Hacker News new | ask | show | jobs
by ftxbro 1171 days ago
The article says "now in the wild after being leaked" but then it says "the data is impossible to retrieve as it is now stored on the servers belonging to OpenAI." So did the source code leak out of OpenAI into the wild, or are they saying that OpenAI itself is "the wild"? As far as I see from the article, it's not accessible to the general public.
2 comments

>So did the source code leak out of OpenAI into the wild, or are they saying that OpenAI itself is "the wild"?

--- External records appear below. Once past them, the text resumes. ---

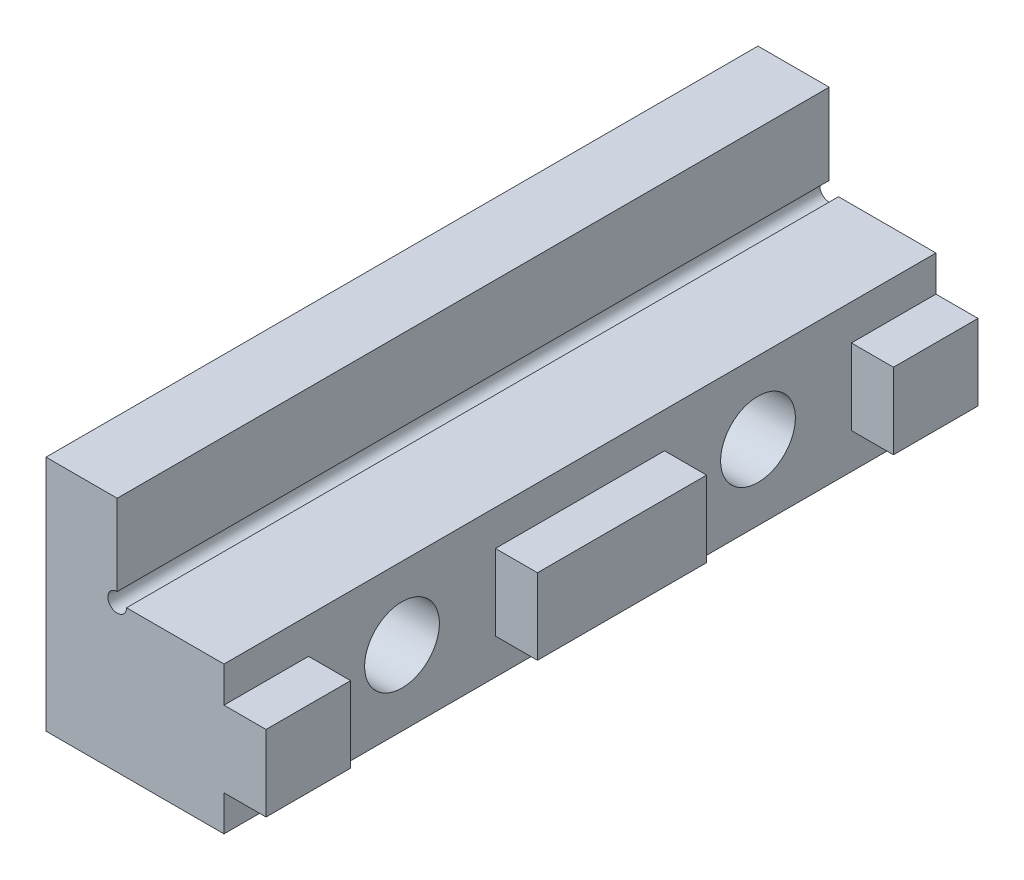
SolidWorks part; units mm, degrees
ref_plane "Front Plane" through (0, 0, 0) normal (0, 0, 1) x (1, 0, 0)
ref_plane "Top Plane" through (0, 0, 0) normal (0, 1, 0) x (1, 0, 0)
ref_plane "Right Plane" through (0, 0, 0) normal (1, 0, 0) x (0, 0, -1)
sketch "Sketch1" plane through (0, 0, 0) normal (0, 0, 1) x (1, 0, 0)
  line L0 (0, 0) -> (0, 25.4)
  line L1 (0, 25.4) -> (7.62, 25.4)
  line L2 (7.62, 25.4) -> (7.62, 16.748)
  line L3 (8.62, 15.748) -> (19.05, 15.748)
  line L4 (19.05, 15.748) -> (19.05, 0)
  line L5 (19.05, 0) -> (0, 0)
  line L6 (7.62, 16.748) -> (7.62, 15.748) construction
  line L7 (7.62, 15.748) -> (8.62, 15.748) construction
  line L8 (19.05, 11.934) -> (23.55, 11.934)
  line L9 (23.55, 11.934) -> (23.55, 3.814)
  line L10 (23.55, 3.814) -> (19.05, 3.814)
  line L11 (19.05, 7.874) -> (23.55, 7.874) construction
  arc A0 (7.62, 16.748) -> (8.62, 15.748) centre (7.62, 15.748) ccw
  dimension "D4" = 2
  dimension "D1" = 19.05
  dimension "D2" = 7.62
  dimension "D3" = 25.4
  dimension "D5" = 9.652
  dimension "D6" = 8.12
  dimension "D7" = 4.5
extrude "Boss-Extrude1" add sketch "Sketch1" against normal blind 38.1 and the other way blind 38.1 contours A0 L2 L1 L0 L5 L4 L3 | L10 L9 L8 L4 region at (8.4056, 10.3413, 0) region at (21.3, 7.874, 0)
sketch "Sketch2" plane through (0, 0, 0) normal (1, 0, 0) x (0, 0, -1)
  line L0 (-19.05, 8) -> (19.05, 8) construction
  line L3 (0, 0) -> (0, 8) construction
  circle A0 centre (-19.05, 8) radius 4
  circle A1 centre (19.05, 8) radius 4
  dimension "D4" = 8
  dimension "D1" = 8
  dimension "D3" = 38.1
extrude "Cut-Extrude1" cut sketch "Sketch2" along normal blind 55.4
sketch "Sketch3" plane through (0, 0, 0) normal (1, 0, 0) x (0, 0, -1)
  circle A0 centre (-19.05, 8) radius 6.5
  circle A1 centre (19.05, 8) radius 6.5
  dimension "D1" = 13
extrude "Cut-Extrude2" cut sketch "Sketch3" along normal blind 8.2
sketch "Sketch4" plane through (0, 0, 0) normal (1, 0, 0) x (0, 0, -1)
  line L0 (-19.05, 8) -> (19.05, 8) construction
  line L1 (0, 0) -> (0, 8) construction
  line L3 (-29.05, 0.5) -> (-9.05, 0.5)
  line L4 (-29.05, 0.5) -> (-29.05, 15.5)
  line L5 (-29.05, 15.5) -> (-9.05, 15.5)
  line L6 (-9.05, 0.5) -> (-9.05, 15.5)
  line L7 (-29.05, 0.5) -> (-9.05, 15.5) construction
  line L8 (-29.05, 15.5) -> (-9.05, 0.5) construction
  line L9 (9.05, 15.5) -> (29.05, 15.5)
  line L10 (9.05, 15.5) -> (9.05, 0.5)
  line L11 (9.05, 0.5) -> (29.05, 0.5)
  line L12 (29.05, 15.5) -> (29.05, 0.5)
  line L13 (9.05, 15.5) -> (29.05, 0.5) construction
  line L14 (9.05, 0.5) -> (29.05, 15.5) construction
  dimension "D1" = 20
  dimension "D2" = 20
  dimension "D3" = 15
  dimension "D4" = 15
extrude "Cut-Extrude3" cut sketch "Sketch4" along normal blind 10 from surface starting at face at (19.05, 12.904, 0)

The second one. OpenAI is now in possession of Samsung trade secrets. To Samsung, that's "in the wild". And that's a reasonable viewpoint - OpenAI could easily leak chat logs, overfit future models on this data etc, and there's nothing Samsung can now do about it.

If ChatGPT is trained on the data and ChatGPT is accessible to the general public, then the data may as well be accessible to the general public
it seems unlikely to me that ChatGPT is directly trained on chat data. if it is, we should see it know information past its knowledge cutoff. afaik that hasn't happened.

I assume the chat logs are instead training a reward model, which itself is then used as the reward function during RLHF training.

These models have a very long lead time before they’re released to the public. Maybe GPT-5 is being trained on ChatGPT logs. I’m not sure we’d be able to detect if this was happening.